Here are some pics, the first ones were just after he was born (check out his diamond)









And this one was taken yesterday after his first haircut!





And here is Daisy's colt, I love his face markings, the other side his face is nearly solid!


----------



## Farmer Kitty (May 31, 2009)

Awwww, they are cute! I'm glad you were able to find a good home for Daisy and her colt. And being that it's a friend she went to, you'll be able to see her and the colt from time to time.


----------



## haviris (May 31, 2009)

I did go see them today! I desided not to get my new boy just yet, he's never been away from his mom, so she's going to separate them and I'm going to go get him in a week or so.

Now I also got to see Daisy's colt, and he's the tiniest thing ever!
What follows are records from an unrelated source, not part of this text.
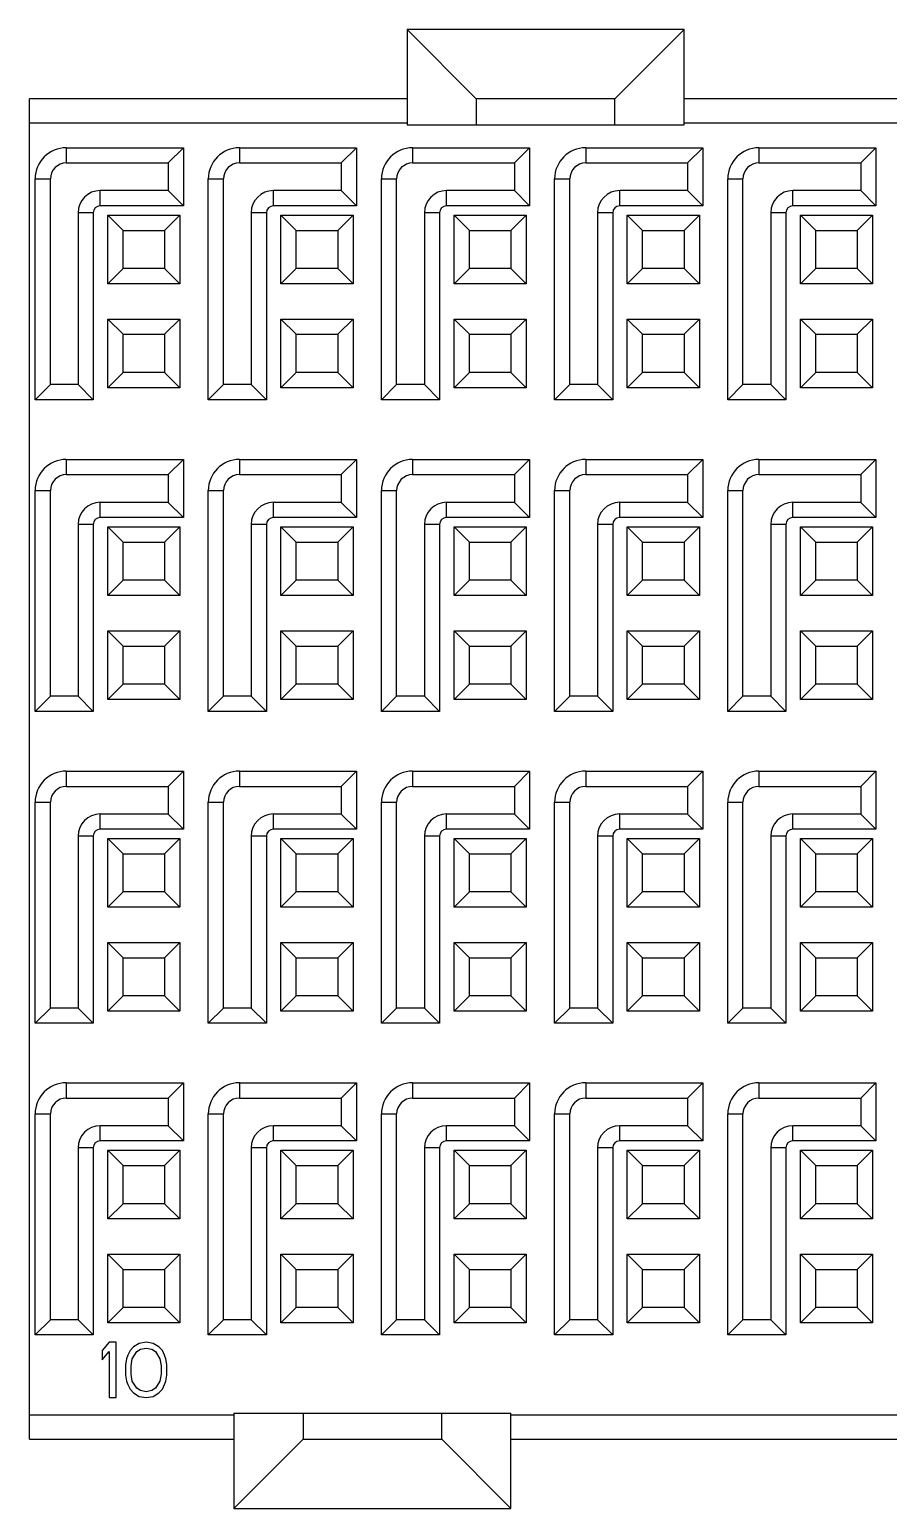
# Model space of a CAD drawing. Extents: x 0 to 420, y 0 to 297.
# Drawn here: x 103.05 to 115.45, y 86.64 to 107.99 of the extents above; entities that cross this region are included whole.
import ezdxf

# ---------------------------------------------------------------- set-up
doc = ezdxf.new("R2010")
doc.units = 0
doc.header["$LTSCALE"] = 23.1
doc.layers.get('0').update_dxf_attribs({"linetype": 'CONTINUOUS'})

msp = doc.modelspace()

# ---------------------------------------------------------------- linework, layer by layer
at = {"color": 7, "linetype": 'CONTINUOUS'}
for p, q in [((108.5, 107.987), (108.5, 106.612)), ((108.5, 107.987), (109.5, 106.987)), ((112.5, 107.987), (108.5, 107.987)), ((112.5, 107.987), (111.5, 106.987)), ((112.5, 106.612), (112.5, 107.987)), ((103.05, 87.638), (103.05, 106.987)), ((108.5, 106.987), (103.05, 106.987)), ((109.5, 106.987), (109.5, 106.612)), ((111.5, 106.987), (109.5, 106.987)), ((111.5, 106.612), (111.5, 106.987)), ((118.5, 106.987), (112.5, 106.987)), ((108.5, 106.638), (103.05, 106.638)), ((108.5, 106.612), (112.5, 106.612)), ((118.5, 106.638), (112.5, 106.638)), ((103.58, 106.282), (103.58, 106.062)), ((103.58, 106.282), (105.27, 106.282)), ((105.05, 106.062), (105.27, 106.282)), ((105.27, 106.282), (105.27, 105.442)), ((106.08, 106.282), (106.08, 106.062)), ((106.08, 106.282), (107.77, 106.282)), ((107.55, 106.062), (107.77, 106.282)), ((107.77, 106.282), (107.77, 105.442)), ((108.58, 106.282), (108.58, 106.062)), ((108.58, 106.282), (110.27, 106.282)), ((110.05, 106.062), (110.27, 106.282)), ((110.27, 106.282), (110.27, 105.442)), ((111.08, 106.282), (111.08, 106.062)), ((111.08, 106.282), (112.77, 106.282)), ((112.55, 106.062), (112.77, 106.282)), ((112.77, 106.282), (112.77, 105.442)), ((113.58, 106.282), (113.58, 106.062)), ((113.58, 106.282), (115.27, 106.282)), ((115.05, 106.062), (115.27, 106.282)), ((115.27, 106.282), (115.27, 105.442)), ((103.58, 106.062), (105.05, 106.062)), ((105.05, 106.062), (105.05, 105.662)), ((106.08, 106.062), (107.55, 106.062)), ((107.55, 106.062), (107.55, 105.662)), ((108.58, 106.062), (110.05, 106.062)), ((110.05, 106.062), (110.05, 105.662)), ((111.08, 106.062), (112.55, 106.062)), ((112.55, 106.062), (112.55, 105.662)), ((113.58, 106.062), (115.05, 106.062)), ((115.05, 106.062), (115.05, 105.662)), ((103.13, 102.642), (103.13, 105.832)), ((103.13, 105.832), (103.35, 105.832)), ((103.35, 102.862), (103.35, 105.832)), ((105.63, 102.642), (105.63, 105.832)), ((105.63, 105.832), (105.85, 105.832)), ((105.85, 102.862), (105.85, 105.832)), ((108.13, 102.642), (108.13, 105.832)), ((108.13, 105.832), (108.35, 105.832)), ((108.35, 102.862), (108.35, 105.832)), ((110.63, 102.642), (110.63, 105.832)), ((110.63, 105.832), (110.85, 105.832)), ((110.85, 102.862), (110.85, 105.832)), ((113.13, 102.642), (113.13, 105.832)), ((113.13, 105.832), (113.35, 105.832)), ((113.35, 102.862), (113.35, 105.832)), ((104.07, 105.442), (104.07, 105.662)), ((105.05, 105.662), (104.07, 105.662)), ((105.05, 105.662), (105.27, 105.442)), ((106.57, 105.442), (106.57, 105.662)), ((107.55, 105.662), (106.57, 105.662)), ((107.55, 105.662), (107.77, 105.442)), ((109.07, 105.442), (109.07, 105.662)), ((110.05, 105.662), (109.07, 105.662)), ((110.05, 105.662), (110.27, 105.442)), ((111.57, 105.442), (111.57, 105.662)), ((112.55, 105.662), (111.57, 105.662)), ((112.55, 105.662), (112.77, 105.442)), ((114.07, 105.442), (114.07, 105.662)), ((115.05, 105.662), (114.07, 105.662)), ((115.05, 105.662), (115.27, 105.442)), ((103.75, 105.343), (103.75, 102.862)), ((103.97, 105.343), (103.75, 105.343)), ((103.97, 105.343), (103.97, 102.642)), ((105.27, 105.442), (104.07, 105.442)), ((104.18, 104.317), (104.18, 105.308)), ((104.4, 105.088), (104.18, 105.308)), ((104.18, 105.308), (105.22, 105.308)), ((105, 105.088), (105.22, 105.308)), ((105.22, 105.308), (105.22, 104.317)), ((106.25, 105.343), (106.25, 102.862)), ((106.47, 105.343), (106.25, 105.343)), ((106.47, 105.343), (106.47, 102.642)), ((107.77, 105.442), (106.57, 105.442)), ((106.68, 104.317), (106.68, 105.308)), ((106.9, 105.088), (106.68, 105.308)), ((106.68, 105.308), (107.72, 105.308)), ((107.5, 105.088), (107.72, 105.308)), ((107.72, 105.308), (107.72, 104.317)), ((108.75, 105.343), (108.75, 102.862)), ((108.97, 105.343), (108.75, 105.343)), ((108.97, 105.343), (108.97, 102.642)), ((110.27, 105.442), (109.07, 105.442)), ((109.18, 104.317), (109.18, 105.308)), ((109.4, 105.088), (109.18, 105.308)), ((109.18, 105.308), (110.22, 105.308)), ((110, 105.088), (110.22, 105.308)), ((110.22, 105.308), (110.22, 104.317)), ((111.25, 105.343), (111.25, 102.862)), ((111.47, 105.343), (111.25, 105.343)), ((111.47, 105.343), (111.47, 102.642)), ((112.77, 105.442), (111.57, 105.442)), ((111.68, 104.317), (111.68, 105.308)), ((111.9, 105.088), (111.68, 105.308)), ((111.68, 105.308), (112.72, 105.308)), ((112.5, 105.088), (112.72, 105.308)), ((112.72, 105.308), (112.72, 104.317)), ((113.75, 105.343), (113.75, 102.862)), ((113.97, 105.343), (113.75, 105.343)), ((113.97, 105.343), (113.97, 102.642)), ((115.27, 105.442), (114.07, 105.442)), ((114.18, 104.317), (114.18, 105.308)), ((114.4, 105.088), (114.18, 105.308)), ((114.18, 105.308), (115.22, 105.308)), ((115, 105.088), (115.22, 105.308)), ((115.22, 105.308), (115.22, 104.317)), ((104.4, 104.537), (104.4, 105.088)), ((104.4, 105.088), (105, 105.088)), ((105, 105.088), (105, 104.537)), ((106.9, 104.537), (106.9, 105.088)), ((106.9, 105.088), (107.5, 105.088)), ((107.5, 105.088), (107.5, 104.537)), ((109.4, 104.537), (109.4, 105.088)), ((109.4, 105.088), (110, 105.088)), ((110, 105.088), (110, 104.537)), ((111.9, 104.537), (111.9, 105.088)), ((111.9, 105.088), (112.5, 105.088)), ((112.5, 105.088), (112.5, 104.537)), ((114.4, 104.537), (114.4, 105.088)), ((114.4, 105.088), (115, 105.088)), ((115, 105.088), (115, 104.537)), ((104.4, 104.537), (104.18, 104.317)), ((105, 104.537), (104.4, 104.537)), ((105, 104.537), (105.22, 104.317)), ((106.9, 104.537), (106.68, 104.317)), ((107.5, 104.537), (106.9, 104.537)), ((107.5, 104.537), (107.72, 104.317)), ((109.4, 104.537), (109.18, 104.317)), ((110, 104.537), (109.4, 104.537)), ((110, 104.537), (110.22, 104.317)), ((111.9, 104.537), (111.68, 104.317)), ((112.5, 104.537), (111.9, 104.537)), ((112.5, 104.537), (112.72, 104.317)), ((114.4, 104.537), (114.18, 104.317)), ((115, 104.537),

He's so cute and sweet, I just wanted to scoop him up and take him home! I gave him a back rub, which he loved! He wrapped his little body around my leg and started nibbling at my shoes. She has the little filly that is 3 or 4 days younger, and she was so much bigger!


----------



## Farmer Kitty (Jun 1, 2009)

With Daisy being so young, it's a good thing that he is small. Easier birth for her.


----------



## wynedot55 (Jun 1, 2009)

those minis are way to cute.


----------



## haviris (Jun 1, 2009)

A very good thing! Not only is she young, but she's pretty small to! And there was some trouble, not because of size, he's perfect there, but he wasn't presented quite right and they had to untagle things. Thankfully they had her under a camera and were there! I definately made the right choice sending her to them! I just can't get over how tiny that baby is, and I'm alittle sad he's not here for me to play with. 

But I'm also very excited to get my black and white colt home, I think he's going to look really fancy w/ the cart!


----------